> WHAT NEEDS TO BE DONE: The answer must be a single number: how many lines in the entries below contain the word "Channels".

> DATA PROVIDED:
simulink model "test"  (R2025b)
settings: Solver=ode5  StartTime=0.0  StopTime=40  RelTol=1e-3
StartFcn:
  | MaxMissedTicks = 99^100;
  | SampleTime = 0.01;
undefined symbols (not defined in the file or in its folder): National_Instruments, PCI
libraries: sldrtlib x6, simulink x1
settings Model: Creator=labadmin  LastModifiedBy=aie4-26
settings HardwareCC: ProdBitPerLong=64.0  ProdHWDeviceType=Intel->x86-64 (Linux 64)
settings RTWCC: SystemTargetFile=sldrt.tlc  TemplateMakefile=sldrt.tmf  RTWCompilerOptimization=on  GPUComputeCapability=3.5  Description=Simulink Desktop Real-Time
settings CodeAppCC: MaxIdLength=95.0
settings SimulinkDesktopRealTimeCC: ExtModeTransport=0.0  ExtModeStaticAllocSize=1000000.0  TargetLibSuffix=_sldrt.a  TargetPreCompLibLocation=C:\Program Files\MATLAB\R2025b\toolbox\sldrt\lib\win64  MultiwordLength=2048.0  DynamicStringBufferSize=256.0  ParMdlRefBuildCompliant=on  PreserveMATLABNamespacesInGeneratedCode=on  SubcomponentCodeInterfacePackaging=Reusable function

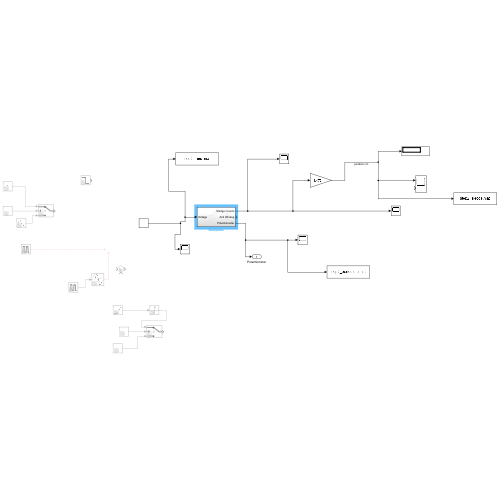
[thumbnail: Simulink's stored preview of the top-level diagram]
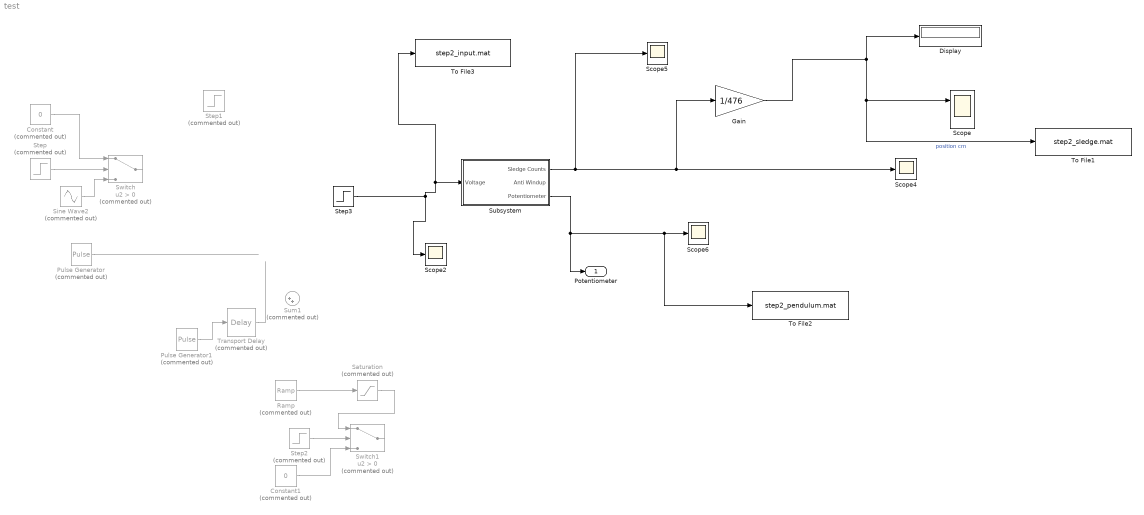
== system test ==
  Constant : Constant  Commented=on  Value=0
  Constant1 : Constant  Commented=on  Value=0
  Display : Display
  Gain : Gain  Gain=1/476
  Pulse Generator : DiscretePulseGenerator  Commented=on  PulseType=Time based  Amplitude=2  Period=10  PulseWidth=3
  Pulse Generator1 : DiscretePulseGenerator  Commented=on  PulseType=Time based  Amplitude=-2  Period=10  PulseWidth=3
  Ramp : simulink/Sources/Ramp  Commented=on  slope=-0.15  start=0  InitialOutput=0
  Saturation : Saturate  Commented=on  UpperLimit=2.2  LowerLimit=-2.2
  Scope : Scope  NumInputPorts=2
      settings: ActiveDisplayYMinimum=-17.820378151260503  ActiveDisplayYMaximum=12.400210084033613  DataLoggingVariableName=ScopeData4
  Scope{2,4..6} (4 alike) : Scope
      Scope2 settings: ActiveDisplayYMinimum=-3.223794053653696  ActiveDisplayYMaximum=6.037574387127588  DataLoggingVariableName=ScopeData6
      Scope4 settings: ActiveDisplayYMinimum=-385.49999999999989  ActiveDisplayYMaximum=3469.5  DataLoggingVariableName=ScopeData8
      Scope5 settings: ActiveDisplayYMinimum=-30594.375  ActiveDisplayYMaximum=3399.3749999999991  DataLoggingVariableName=ScopeData9
      Scope6 settings: ActiveDisplayYMinimum=1.2257068801624322  ActiveDisplayYMaximum=2.6464125172297863  DataLoggingVariableName=ScopeData10
  Sine Wave2 : Sin  Commented=on  Amplitude=1.8  Frequency=4  SampleTime=0
  Step : Step  Commented=on  Time=20  SampleTime=0
  Step1 : Step  Commented=on  Time=0.5  Before=2  After=0  SampleTime=0
  Step2 : Step  Commented=on  Time=10  Before=1  After=0  SampleTime=0
  Step3 : Step  Time=2.0  Before=1.5  After=0  SampleTime=0
  Subsystem : Subsystem
  Sum1 : Sum  Commented=on  Inputs=|++
  Switch : Switch  Commented=on  Criteria=u2 > Threshold  SaturateOnIntegerOverflow=off  InputSameDT=off
  Switch1 : Switch  Commented=on  Criteria=u2 > Threshold  SaturateOnIntegerOverflow=off  InputSameDT=off
  To File1 : ToFile  Filename=step2_sledge.mat  SaveFormat=Timeseries
  To File2 : ToFile  Filename=step2_pendulum.mat  SaveFormat=Timeseries
  To File3 : ToFile  Filename=step2_input.mat  SaveFormat=Timeseries
  Transport Delay : TransportDelay  Commented=on  DelayTime=5
  Potentiometer : Outport
  wires:
  Subsystem/1(Sledge Counts) -> Gain/1, Scope4/1, Scope5/1
  Gain/1 -> Scope/1, To File1/1, Display/1  "position cm"
  Subsystem/3(Potentiometer) -> To File2/1, Scope6/1, Potentiometer/1
  Pulse Generator1/1 -> Transport Delay/1
  Pulse Generator/1 -> ?
  Transport Delay/1 -> ?
  Step/1 -> Switch/2
  Sine Wave2/1 -> Switch/3
  Constant/1 -> Switch/1
  Step3/1 -> To File3/1, Subsystem/1(Voltage), Scope2/1
  Saturation/1 -> Switch1/1
  Step2/1 -> Switch1/2
  Ramp/1 -> Saturation/1
  Constant1/1 -> Switch1/3

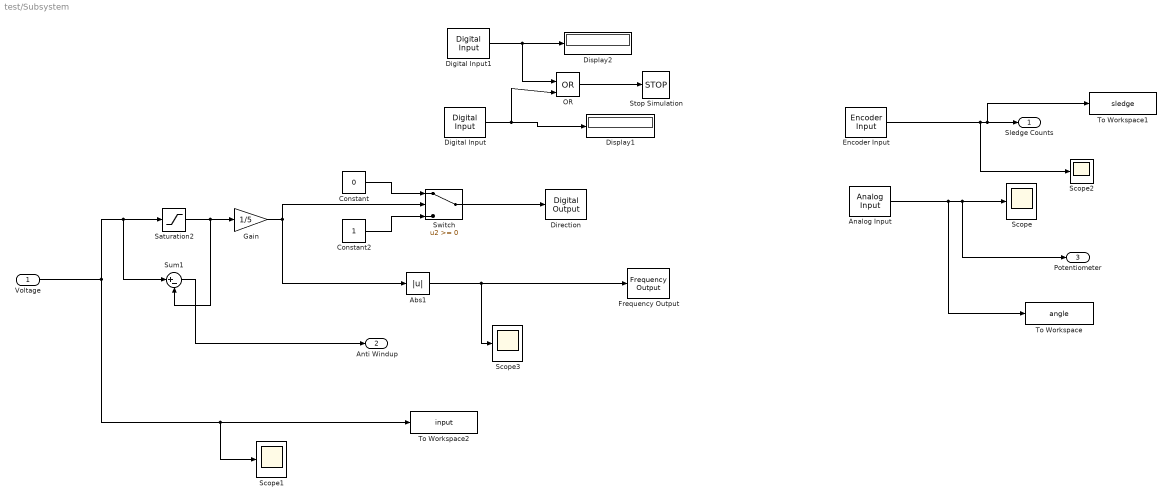
== system test/Subsystem ==
  Voltage : Inport
  Abs1 : Abs  SaturateOnIntegerOverflow=off
  Analog Input : sldrtlib/Analog Input  SampleTime=0.001  MaxMissedTicks=MaxMissedTicks  ShowMissedTicks=off  YieldWhenWaiting=off  DrvName=National_Instruments/PCI-6229  DrvAddress=4294967295  DrvOptions=[1 1 8192 2 3]  Channels=1  RangeMode=1  VoltRange=2  DataType=1
      settings: AttributesFormatString=National Instruments\nPCI-6229 [auto]
  Constant : Constant  Value=0  SampleTime=SampleTime
  Constant2 : Constant  SampleTime=SampleTime
  Digital Input : sldrtlib/Digital Input  SampleTime=0.1  MaxMissedTicks=10  ShowMissedTicks=off  YieldWhenWaiting=off  DrvName=National_Instruments/PCI-6229  DrvAddress=4294967295  DrvOptions=[1 1 8192 2 3]  Channels=2  BitMode=1  DataType=9
      settings: AttributesFormatString=National Instruments\nPCI-6229 [auto]
  Digital Input1 : sldrtlib/Digital Input  SampleTime=0.1  MaxMissedTicks=10  ShowMissedTicks=off  YieldWhenWaiting=off  DrvName=National_Instruments/PCI-6229  DrvAddress=4294967295  DrvOptions=[1 1 8192 2 3]  Channels=3  BitMode=1  DataType=9
      settings: AttributesFormatString=National Instruments\nPCI-6229 [auto]
  Direction : sldrtlib/Digital Output  SampleTime=SampleTime  MaxMissedTicks=MaxMissedTicks  ShowMissedTicks=off  YieldWhenWaiting=off  DrvName=National_Instruments/PCI-6229  DrvAddress=4294967295  DrvOptions=[1 1 8192 2 3]  Channels=1  BitMode=1  InitialValue=0  FinalValue=0
      settings: AttributesFormatString=National Instruments\nPCI-6229 [auto]
  Display1 : Display
  Display2 : Display
  Encoder Input : sldrtlib/Encoder Input  SampleTime=0.001  MaxMissedTicks=10000000  ShowMissedTicks=off  YieldWhenWaiting=off  DrvName=National_Instruments/PCI-6229  DrvAddress=4294967295  DrvOptions=[1 1 8192 2 3]  Channels=1  QuadMode=2  IndexPulse=2  InputFilter=Inf  DataType=1
      settings: AttributesFormatString=National Instruments\nPCI-6229 [auto]
  Frequency Output : sldrtlib/Frequency Output  SampleTime=SampleTime  MaxMissedTicks=MaxMissedTicks  ShowMissedTicks=off  YieldWhenWaiting=off  DrvName=National_Instruments/PCI-6229  DrvAddress=4294967295  DrvOptions=[1 1 8192 2 3]  Channels=2  FrequencySource=1  Frequency=10000  FrequencyFinalValue=[]  DutySource=2  Duty=0  DutyFinalValue=0
      settings: AttributesFormatString=National Instruments\nPCI-6229 [auto]
  Gain : Gain  Gain=1/5
  OR : Logic  Operator=OR  IconShape=distinctive  AllPortsSameDT=off  OutDataTypeStr=boolean
  Saturation2 : Saturate  UpperLimit=2.5  LowerLimit=-2.5
  Scope{,1..3} (4 alike) : Scope
      Scope settings: ActiveDisplayYMinimum=-1.7267364976437558  ActiveDisplayYMaximum=6.2920540572750241
      Scope1 settings: ActiveDisplayYMinimum=-3.75  ActiveDisplayYMaximum=3.75  DataLoggingVariableName=ScopeData2
      Scope2 settings: ActiveDisplayYMinimum=-935.75  ActiveDisplayYMaximum=8421.75  DataLoggingVariableName=ScopeData3
      Scope3 settings: ActiveDisplayYMinimum=-0.0625  ActiveDisplayYMaximum=0.5625
  Stop Simulation : Stop
  Sum1 : Sum  Inputs=|+-
  Switch : Switch  SaturateOnIntegerOverflow=off  InputSameDT=off
  To Workspace : ToWorkspace  VariableName=angle  SaveFormat=Timeseries  SampleTime=-1
  To Workspace1 : ToWorkspace  VariableName=sledge  SaveFormat=Timeseries  SampleTime=-1
  To Workspace2 : ToWorkspace  VariableName=input  SaveFormat=Timeseries  SampleTime=-1
  Sledge Counts : Outport
  Anti Windup : Outport  Port=2
  Potentiometer : Outport  Port=3
  wires:
  Digital Input/1 -> OR/2, Display1/1
  Abs1/1 -> Scope3/1, Frequency Output/1
  Constant/1 -> Switch/1
  Digital Input1/1 -> OR/1, Display2/1
  Voltage/1 -> Scope1/1, To Workspace2/1, Sum1/1, Saturation2/1
  Analog Input/1 -> To Workspace/1, Potentiometer/1, Scope/1
  OR/1 -> Stop Simulation/1
  Saturation2/1 -> Sum1/2, Gain/1
  Constant2/1 -> Switch/3
  Sum1/1 -> Anti Windup/1
  Encoder Input/1 -> Scope2/1, Sledge Counts/1, To Workspace1/1
  Switch/1 -> Direction/1
  Gain/1 -> Abs1/1, Switch/2

> SOLVED PROBLEM: 6